■ Task instructions:
The records that follow need to be printed exactly. Leave out each image.

*** Available data ***

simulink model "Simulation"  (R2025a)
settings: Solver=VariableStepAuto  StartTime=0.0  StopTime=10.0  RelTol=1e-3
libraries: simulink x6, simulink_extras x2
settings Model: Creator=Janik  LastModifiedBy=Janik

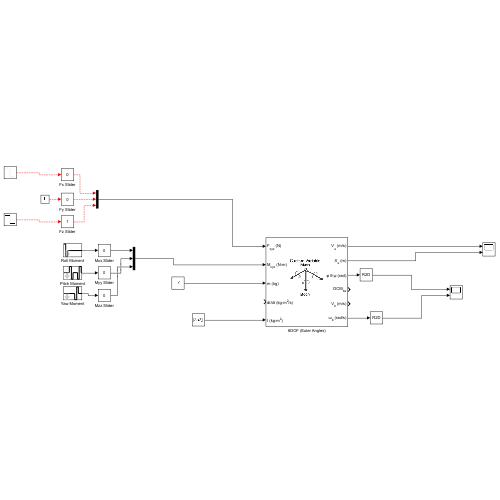
[thumbnail: Simulink's stored preview of the top-level diagram]
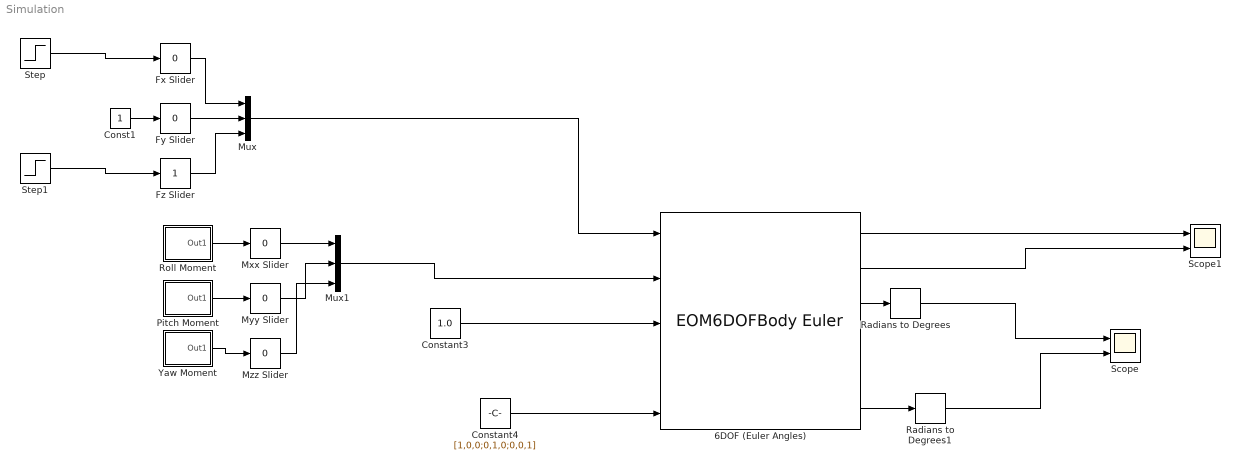
== system Simulation ==
  6DOF (Euler Angles) : EOM6DOFBodyEuler  mtype=Custom Variable  mass_flag=on
  Const1 : Constant
  Constant3 : Constant  Value=1.0
  Constant4 : Constant  Value=[1,0,0;0,1,0;0,0,1]  VectorParams1D=off
  Fx Slider : simulink/Math Operations/Slider Gain  gain=0  low=-1  high=1
  Fy Slider : simulink/Math Operations/Slider Gain  gain=0  low=-1  high=1
  Fz Slider : simulink/Math Operations/Slider Gain  gain=1  low=-1  high=1
  Mux : Mux  Inputs=3
  Mux1 : Mux  Inputs=3
  Mxx Slider : simulink/Math Operations/Slider Gain  gain=0  low=-5  high=10
  Myy Slider : simulink/Math Operations/Slider Gain  gain=0  low=-10  high=10
  Mzz Slider : simulink/Math Operations/Slider Gain  gain=0  low=-1  high=1
  Pitch Moment : Subsystem  mask(timed input){t=[0 3 3 4 4 5 5  7.5 7.5 8.5 8.5 9.5 9.5 10], u=[0 0  1 1 -1 -1.005 0 0 -1 -1 1 1 0 0]*3.138/2}
      mask prompts: t "time values:"; u "input values"
      mask Display: plot(t,u)
  Radians to Degrees : simulink_extras/Transformations/Radians to Degrees
  Radians to Degrees1 : simulink_extras/Transformations/Radians to Degrees
  Roll Moment : Subsystem  mask(timed input){t=[0 1 1 2 2  10], u=[1 1 -1 -.998  0 0]*3.144/2}
      mask prompts: t "time values:"; u "input values"
      mask Display: plot(t,u)
  Scope : Scope  NumInputPorts=2
      settings: ActiveDisplayYMinimum=-294.78665616471727  ActiveDisplayYMaximum=306.73025806988079
  Scope1 : Scope  NumInputPorts=2
      settings: ActiveDisplayYMinimum=-75.638957803935469  ActiveDisplayYMaximum=119.61899282163635
  Step : Step  Before=10  After=0  SampleTime=0
  Step1 : Step  Before=10  After=0  SampleTime=0
  Yaw Moment : Subsystem  mask(timed input){t=[0 6 6 7 7 8 8 10], u=[0 0  -1 -1 1 1 0 0]*3.1/2}
      mask prompts: t "time values:"; u "input values"
      mask Display: plot(t,u)
  wires:
  Constant3/1 -> 6DOF (Euler Angles)/3
  Constant4/1 -> 6DOF (Euler Angles)/5
  Fx Slider/1 -> Mux/1
  Fy Slider/1 -> Mux/2
  Step/1 -> Fx Slider/1
  Fz Slider/1 -> Mux/3
  Step1/1 -> Fz Slider/1
  Const1/1 -> Fy Slider/1
  Mxx Slider/1 -> Mux1/1
  Mzz Slider/1 -> Mux1/3
  Yaw Moment/1(Out1) -> Mzz Slider/1
  Pitch Moment/1(Out1) -> Myy Slider/1
  Myy Slider/1 -> Mux1/2
  Roll Moment/1(Out1) -> Mxx Slider/1
  Mux/1 -> 6DOF (Euler Angles)/1
  Mux1/1 -> 6DOF (Euler Angles)/2
  6DOF (Euler Angles)/1 -> Scope1/1
  6DOF (Euler Angles)/2 -> Scope1/2
  6DOF (Euler Angles)/3 -> Radians to Degrees/1
  6DOF (Euler Angles)/6 -> Radians to Degrees1/1
  Radians to Degrees1/1 -> Scope/2
  Radians to Degrees/1 -> Scope/1

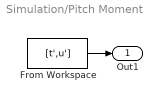
== system Simulation/Pitch Moment ==
  From Workspace : FromWorkspace  VariableName=[t',u']  ZeroCross=off
  Out1 : Outport  InitialOutput=0  VectorParamsAs1DForOutWhenUnconnected=off
  wires:
  From Workspace/1 -> Out1/1

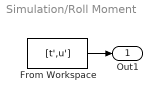
== system Simulation/Roll Moment ==
  From Workspace : FromWorkspace  VariableName=[t',u']  ZeroCross=off
  Out1 : Outport  InitialOutput=0  VectorParamsAs1DForOutWhenUnconnected=off
  wires:
  From Workspace/1 -> Out1/1

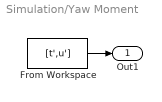
== system Simulation/Yaw Moment ==
  From Workspace : FromWorkspace  VariableName=[t',u']  ZeroCross=off
  Out1 : Outport  InitialOutput=0  VectorParamsAs1DForOutWhenUnconnected=off
  wires:
  From Workspace/1 -> Out1/1

***

■ Exercise response:
simulink model "Simulation"  (R2025a)
settings: Solver=VariableStepAuto  StartTime=0.0  StopTime=10.0  RelTol=1e-3
libraries: simulink x6, simulink_extras x2
settings Model: Creator=Janik  LastModifiedBy=Janik

[thumbnail: Simulink's stored preview of the top-level diagram]
== system Simulation ==
  6DOF (Euler Angles) : EOM6DOFBodyEuler  mtype=Custom Variable  mass_flag=on
  Const1 : Constant
  Constant3 : Constant  Value=1.0
  Constant4 : Constant  Value=[1,0,0;0,1,0;0,0,1]  VectorParams1D=off
  Fx Slider : simulink/Math Operations/Slider Gain  gain=0  low=-1  high=1
  Fy Slider : simulink/Math Operations/Slider Gain  gain=0  low=-1  high=1
  Fz Slider : simulink/Math Operations/Slider Gain  gain=1  low=-1  high=1
  Mux : Mux  Inputs=3
  Mux1 : Mux  Inputs=3
  Mxx Slider : simulink/Math Operations/Slider Gain  gain=0  low=-5  high=10
  Myy Slider : simulink/Math Operations/Slider Gain  gain=0  low=-10  high=10
  Mzz Slider : simulink/Math Operations/Slider Gain  gain=0  low=-1  high=1
  Pitch Moment : Subsystem  mask(timed input){t=[0 3 3 4 4 5 5  7.5 7.5 8.5 8.5 9.5 9.5 10], u=[0 0  1 1 -1 -1.005 0 0 -1 -1 1 1 0 0]*3.138/2}
      mask prompts: t "time values:"; u "input values"
      mask Display: plot(t,u)
  Radians to Degrees : simulink_extras/Transformations/Radians to Degrees
  Radians to Degrees1 : simulink_extras/Transformations/Radians to Degrees
  Roll Moment : Subsystem  mask(timed input){t=[0 1 1 2 2  10], u=[1 1 -1 -.998  0 0]*3.144/2}
      mask prompts: t "time values:"; u "input values"
      mask Display: plot(t,u)
  Scope : Scope  NumInputPorts=2
      settings: ActiveDisplayYMinimum=-294.78665616471727  ActiveDisplayYMaximum=306.73025806988079
  Scope1 : Scope  NumInputPorts=2
      settings: ActiveDisplayYMinimum=-75.638957803935469  ActiveDisplayYMaximum=119.61899282163635
  Step : Step  Before=10  After=0  SampleTime=0
  Step1 : Step  Before=10  After=0  SampleTime=0
  Yaw Moment : Subsystem  mask(timed input){t=[0 6 6 7 7 8 8 10], u=[0 0  -1 -1 1 1 0 0]*3.1/2}
      mask prompts: t "time values:"; u "input values"
      mask Display: plot(t,u)
  wires:
  Constant3/1 -> 6DOF (Euler Angles)/3
  Constant4/1 -> 6DOF (Euler Angles)/5
  Fx Slider/1 -> Mux/1
  Fy Slider/1 -> Mux/2
  Step/1 -> Fx Slider/1
  Fz Slider/1 -> Mux/3
  Step1/1 -> Fz Slider/1
  Const1/1 -> Fy Slider/1
  Mxx Slider/1 -> Mux1/1
  Mzz Slider/1 -> Mux1/3
  Yaw Moment/1(Out1) -> Mzz Slider/1
  Pitch Moment/1(Out1) -> Myy Slider/1
  Myy Slider/1 -> Mux1/2
  Roll Moment/1(Out1) -> Mxx Slider/1
  Mux/1 -> 6DOF (Euler Angles)/1
  Mux1/1 -> 6DOF (Euler Angles)/2
  6DOF (Euler Angles)/1 -> Scope1/1
  6DOF (Euler Angles)/2 -> Scope1/2
  6DOF (Euler Angles)/3 -> Radians to Degrees/1
  6DOF (Euler Angles)/6 -> Radians to Degrees1/1
  Radians to Degrees1/1 -> Scope/2
  Radians to Degrees/1 -> Scope/1

== system Simulation/Pitch Moment ==
  From Workspace : FromWorkspace  VariableName=[t',u']  ZeroCross=off
  Out1 : Outport  InitialOutput=0  VectorParamsAs1DForOutWhenUnconnected=off
  wires:
  From Workspace/1 -> Out1/1

== system Simulation/Roll Moment ==
  From Workspace : FromWorkspace  VariableName=[t',u']  ZeroCross=off
  Out1 : Outport  InitialOutput=0  VectorParamsAs1DForOutWhenUnconnected=off
  wires:
  From Workspace/1 -> Out1/1

== system Simulation/Yaw Moment ==
  From Workspace : FromWorkspace  VariableName=[t',u']  ZeroCross=off
  Out1 : Outport  InitialOutput=0  VectorParamsAs1DForOutWhenUnconnected=off
  wires:
  From Workspace/1 -> Out1/1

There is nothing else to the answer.